Бист Вилах. История одного Историка. Книга вторая - стр. 44
Шло время, и солнце неуклонно тянулось к горизонту. Если раньше на болотах было сумеречно, то теперь вокруг сгустилась истинная тьма. Задумчиво глядя куда-то вглубь топей, Дариор понимал, что ждать придётся ещё очень долго. Он сидел на земле в корнях исполинского дуба и водил по земле остриём стилета – рисовал своих знакомых: комиссара Мортена, лейтенанта Банвиля, Михаила Андреевича, Анастасию Николаевну…
Если первые трое вышли на славу, то «Настаси» никак не желала получаться. Она почему-то выходила у Дариора хмурой и курносой – не такой, какая она есть на самом деле. Впрочем, а какая она? По сути, Дариор ничего о ней не знал. В те редкие минуты, когда ему удавалось перекинуться с ней парой слов, она ничего о себе не говорила, а он малодушничал, опасался задавать прямые вопросы. В утешение можно сказать лишь то, что не он один оставался в неведении. О ней никто ничего не знал. Видимо, даже Смоленцев.
Вероятно, она родом из бывшего богатого дворянского семейства. Наверняка кто-то из близких пострадал от большевиков, может быть, даже погиб. А может быть, погибла вся её семья. Если честно, Дариору трудно было представить Анастасию Николаевну прячущейся за спинами родителей. Такая никогда ни у кого не попросит защиты. Из принципа, из внутренней гордости. Вероятно, она прошла через многое, чтобы добиться привилегированного положения в ордене. Этакая суфражистка сделала бы честь большевистской партии, однако, к счастью, она по эту сторону баррикад.
Дариор раздражённо стёр половину лица девушки и принялся кропотливо выводить его заново. Тут-то и пришли болезненные мысли. Тогда, у вокзала, во время их последнего разговора Анастасия Николаевна говорила очень странные вещи. Дариору даже показалось сначала, что она его в чём-то обвиняет. В чьей-то смерти. Но в чьей? Возможно ли это? Да полно! Не стоит так трепетно относиться к случайным словам.
И всё же самоедство Дариора взяло верх, и он начал судорожно перебирать в памяти тех, кого убил, благо их было немного. Но никого, кто бы мог иметь хоть какое-то отношение к Анастасии Николаевне, он так и не припомнил.

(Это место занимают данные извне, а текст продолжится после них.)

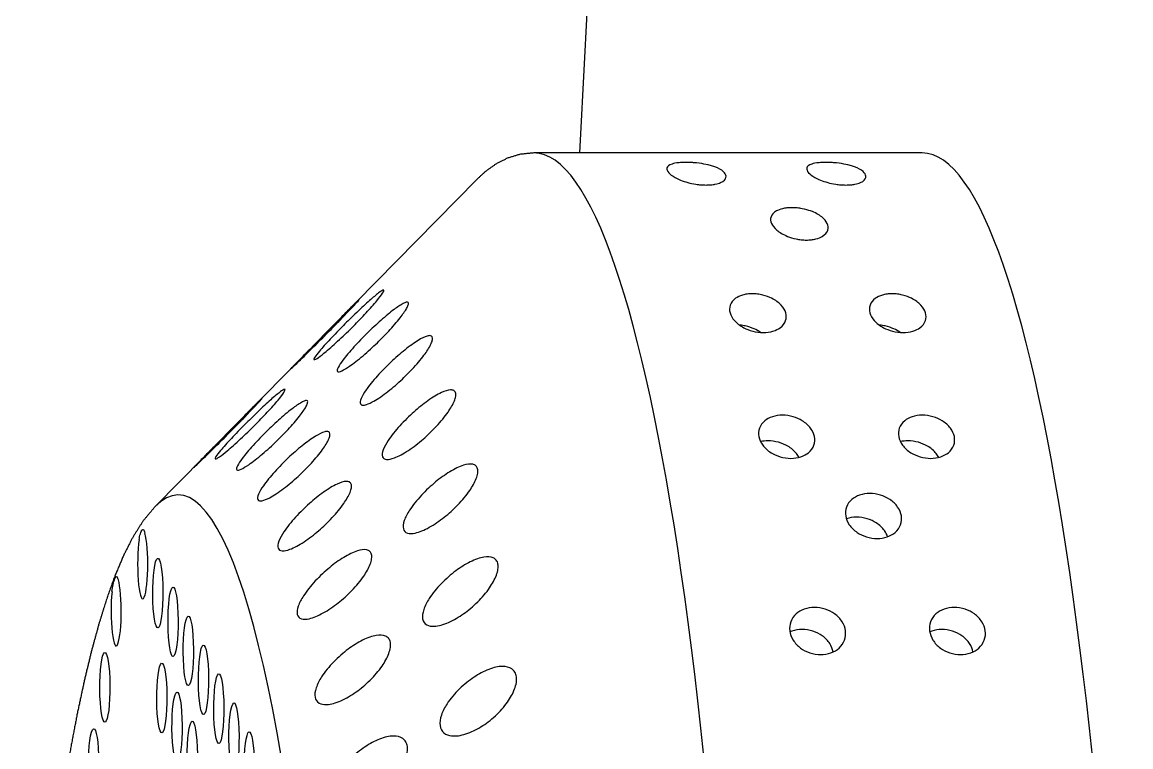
# Model space of a CAD drawing. Extents: x 528 to 612, y 788 to 934.
# Drawn here: x 574.56 to 576.013, y 849.734 to 850.682 of the extents above; entities that cross this region are included whole.
import ezdxf

# ---------------------------------------------------------------- set-up
doc = ezdxf.new("R2010")
doc.units = 0
doc.header["$MEASUREMENT"] = 0
doc.layers.add('1', color=4, linetype='Continuous')

# ---------------------------------------------------------------- blocks, each defined once
blk = doc.blocks.new('2010 FLAIR')
at = {"layer": '1'}
for p, q in [((47.506, 44.9065), (46.9971, 44.9065)), ((46.7382, 44.6846), (46.9225, 44.8719)), ((46.6166, 44.561), (46.6961, 44.6418)), ((46.5008, 44.4433), (46.5648, 44.5083))]:
    blk.add_line(p, q, dxfattribs=at)
at = {"layer": '1', "color": 2}
blk.add_arc((111.2166, 41.6488), 64.2422, 172.326791, 177.093332, dxfattribs=at)
at = {"layer": '1'}
for centre, major_axis, start_param, end_param in [((46.9971, 43.0315), (0, 1.875), 3.141593, 6.283185), ((47.506, 43.0315), (0, 1.875), 3.141593, 6.283185), ((46.5312, 43.0315), (0, 1.4272), 2.994561, 6.430217)]:
    blk.add_ellipse(centre, major_axis=major_axis, ratio=0.145722, start_param=start_param, end_param=end_param, dxfattribs=at)
at = {"layer": '1', "color": 3}
for centre, start_param, end_param in [((46.4847, 44.3682), 3.930767, 8.961115), ((46.5046, 44.3303), 0.253665, 6.53685), ((46.45, 44.3065), 4.112585, 9.142933), ((46.5245, 44.2925), 0.253665, 6.53685), ((46.5445, 44.2546), 0.253665, 6.53685), ((46.4352, 44.2069), 0.253665, 6.53685), ((46.5644, 44.2167), 0.253665, 6.53685), ((46.5098, 44.1929), 0.253665, 6.53685), ((46.5844, 44.1789), 0.253665, 6.53685), ((46.5297, 44.155), 0.253665, 6.53685), ((46.6043, 44.141), 0.253665, 6.53685), ((46.5497, 44.1171), 0.253665, 6.53685), ((46.4205, 44.1073), 0.253665, 6.53685), ((46.6243, 44.1031), 0.253665, 6.53685)]:
    blk.add_ellipse(centre, major_axis=(0, -0.0455), ratio=0.145722, start_param=start_param, end_param=end_param, dxfattribs=at)
at = {"layer": '1'}
for points in [[(46.9971, 44.9065), (46.9794, 44.9047), (46.9627, 44.8997), (46.9477, 44.8921), (46.9344, 44.8827), (46.9225, 44.8719)], [(46.5008, 44.4433), (46.4852, 44.4247), (46.4718, 44.4035), (46.4597, 44.3797), (46.4483, 44.3528), (46.4376, 44.3229), (46.4273, 44.2898), (46.4174, 44.2536), (46.4079, 44.2142), (46.3988, 44.1717), (46.3901, 44.1262), (46.3817, 44.0778), (46.3738, 44.0266), (46.3663, 43.9727), (46.3592, 43.9162), (46.3526, 43.8573), (46.3464, 43.7962), (46.3408, 43.733), (46.3356, 43.6679), (46.331, 43.601), (46.3268, 43.5326)]]:
    blk.add_open_spline(points, degree=1, dxfattribs=at)
at = {"layer": '1', "color": 3}
for points, knots in [([(47.2227, 44.8645), (47.2204, 44.8645), (47.2181, 44.8646), (47.2137, 44.8649), (47.2116, 44.8652), (47.2055, 44.8661), (47.2019, 44.8669), (47.1917, 44.8697), (47.1864, 44.872), (47.1783, 44.8765), (47.1755, 44.8787), (47.1703, 44.8848), (47.1698, 44.8891), (47.1802, 44.8926), (47.1833, 44.8933), (47.1887, 44.8938), (47.1901, 44.8939), (47.1932, 44.8941), (47.1949, 44.8941), (47.1981, 44.8941), (47.1999, 44.8941), (47.2034, 44.8939), (47.205, 44.8938), (47.2117, 44.8933), (47.2165, 44.8926), (47.235, 44.8891), (47.2432, 44.8848), (47.2485, 44.8787), (47.2494, 44.8765), (47.2483, 44.872), (47.2464, 44.8697), (47.24, 44.8669), (47.2376, 44.8661), (47.2328, 44.8652), (47.231, 44.8649), (47.2271, 44.8646), (47.2249, 44.8645), (47.2227, 44.8645)], [0, 0, 0, 0, 0.0069049, 0.0069049, 0.0138098, 0.0138098, 0.0276196, 0.0276196, 0.0621946, 0.0621946, 0.0967696, 0.0967696, 0.172591, 0.172591, 0.1905104, 0.1905104, 0.1954315, 0.1954315, 0.2003527, 0.2003527, 0.2052739, 0.2052739, 0.2101951, 0.2101951, 0.2281145, 0.2281145, 0.3039359, 0.3039359, 0.3385109, 0.3385109, 0.3730859, 0.3730859, 0.3868957, 0.3868957, 0.3938006, 0.3938006, 0.4007055, 0.4007055, 0.4007055, 0.4007055]), ([(47.4058, 44.8645), (47.4036, 44.8645), (47.4013, 44.8646), (47.3969, 44.8649), (47.3948, 44.8652), (47.3887, 44.8661), (47.3851, 44.8669), (47.3748, 44.8697), (47.3695, 44.872), (47.3614, 44.8765), (47.3587, 44.8787), (47.3534, 44.8848), (47.353, 44.8891), (47.3634, 44.8926), (47.3665, 44.8933), (47.3719, 44.8938), (47.3733, 44.8939), (47.3764, 44.8941), (47.3781, 44.8941), (47.3813, 44.8941), (47.3831, 44.8941), (47.3865, 44.8939), (47.3882, 44.8938), (47.3949, 44.8933), (47.3997, 44.8926), (47.4181, 44.8891), (47.4264, 44.8848), (47.4316, 44.8787), (47.4326, 44.8765), (47.4314, 44.872), (47.4295, 44.8697), (47.4232, 44.8669), (47.4207, 44.8661), (47.4159, 44.8652), (47.4141, 44.8649), (47.4102, 44.8646), (47.4081, 44.8645), (47.4058, 44.8645)], [0, 0, 0, 0, 0.0069049, 0.0069049, 0.0138098, 0.0138098, 0.0276196, 0.0276196, 0.0621946, 0.0621946, 0.0967696, 0.0967696, 0.172591, 0.172591, 0.1905104, 0.1905104, 0.1954315, 0.1954315, 0.2003527, 0.2003527, 0.2052739, 0.2052739, 0.2101951, 0.2101951, 0.2281145, 0.2281145, 0.3039359, 0.3039359, 0.3385109, 0.3385109, 0.3730859, 0.3730859, 0.3868957, 0.3868957, 0.3938006, 0.3938006, 0.4007055, 0.4007055, 0.4007055, 0.4007055]), ([(47.3542, 44.7924), (47.3519, 44.7924), (47.3496, 44.7926), (47.3451, 44.793), (47.3429, 44.7934), (47.3365, 44.7948), (47.3326, 44.796), (47.3236, 44.7997), (47.3189, 44.8025), (47.312, 44.8085), (47.3098, 44.8115), (47.3073, 44.817), (47.3069, 44.82), (47.3088, 44.8257), (47.311, 44.8284), (47.3169, 44.8316), (47.3196, 44.8327), (47.3247, 44.8339), (47.3266, 44.8342), (47.3307, 44.8347), (47.3329, 44.8348), (47.3375, 44.8348), (47.3398, 44.8347), (47.3443, 44.8342), (47.3466, 44.8339), (47.3529, 44.8327), (47.3567, 44.8316), (47.3658, 44.8284), (47.3706, 44.8257), (47.3778, 44.82), (47.3802, 44.817), (47.3827, 44.8115), (47.3831, 44.8085), (47.3812, 44.8025), (47.379, 44.7997), (47.3729, 44.796), (47.37, 44.7948), (47.3647, 44.7934), (47.3628, 44.793), (47.3586, 44.7926), (47.3564, 44.7924), (47.3542, 44.7924)], [0, 0, 0, 0, 0.0068348, 0.0068348, 0.0136695, 0.0136695, 0.027339, 0.027339, 0.0535624, 0.0535624, 0.0797858, 0.0797858, 0.1072813, 0.1072813, 0.1347768, 0.1347768, 0.1487269, 0.1487269, 0.155702, 0.155702, 0.162677, 0.162677, 0.1696521, 0.1696521, 0.1766272, 0.1766272, 0.1905773, 0.1905773, 0.2180728, 0.2180728, 0.2455682, 0.2455682, 0.2717917, 0.2717917, 0.2980151, 0.2980151, 0.3116846, 0.3116846, 0.3185193, 0.3185193, 0.3253541, 0.3253541, 0.3253541, 0.3253541]), ([(46.7476, 44.6806), (46.753, 44.686), (46.7591, 44.692), (46.771, 44.7035), (46.7769, 44.7089), (46.7862, 44.7171), (46.7904, 44.7207), (46.7953, 44.7244), (46.7967, 44.7254), (46.7989, 44.7267), (46.7997, 44.727), (46.8006, 44.7269), (46.8008, 44.7265), (46.8004, 44.7252), (46.7998, 44.7241), (46.7974, 44.7203), (46.7946, 44.7167), (46.7877, 44.7083), (46.7828, 44.7028), (46.7721, 44.6913), (46.7663, 44.6853), (46.7551, 44.6741), (46.7487, 44.6679), (46.7362, 44.6563), (46.7301, 44.6509), (46.7213, 44.6436), (46.7178, 44.6408), (46.7123, 44.6369), (46.7103, 44.6359), (46.7087, 44.636), (46.709, 44.6371), (46.7115, 44.6411), (46.7137, 44.644), (46.72, 44.6514), (46.7249, 44.6569), (46.7359, 44.6686), (46.7419, 44.6748), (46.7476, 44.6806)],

В результате Дариор неимоверно разозлился на свою сентиментальность и аффектацию, вскочил и начал истово крушить парсунное творчество. Анастасию Николаевну он, впрочем, бережно стёр ладонью, будто погладил. А вот на Банвиля и Смоленцева пришёлся весь его необъяснимый гнев. Историк разбежался и принялся топтать ногами лица знакомцев. Вскоре от их благодушных физиономий остались лишь разбросанные повсюду клочки земли. Мортена топтать не пришлось – его соскребла копытом умная лошадь Дариора. Целиком портрет не пропал, а лишь исказился, отчего получалось, что комиссар будто переболел лепрой.
Вскоре вернулся Лафос. Он делал обход вокруг берега, дабы не пропустить людей с фактории. По его одновременно удручённому и раздражённому лицу было понятно: улова нет. Впрочем, улов как раз-таки был: оруженосец тащил в руках пронзённого стрелой зайца, а за спиной – охапку сухих веток.
– Я разожгу костёр, сир, – угрюмо заявил оруженосец.
– Нет, не разожжёшь, – спокойно возразил Дариор. – Мишель говорил, что эти леса кишат разбойниками. Жители фактории заперты на своём островке, окружённые со всех сторон смертельной опасностью. Враги повсюду, а мы на их территории! Не исключаю, что они прямо сейчас за нами следят – присматриваются. Так что разжигать костёр мы не будем.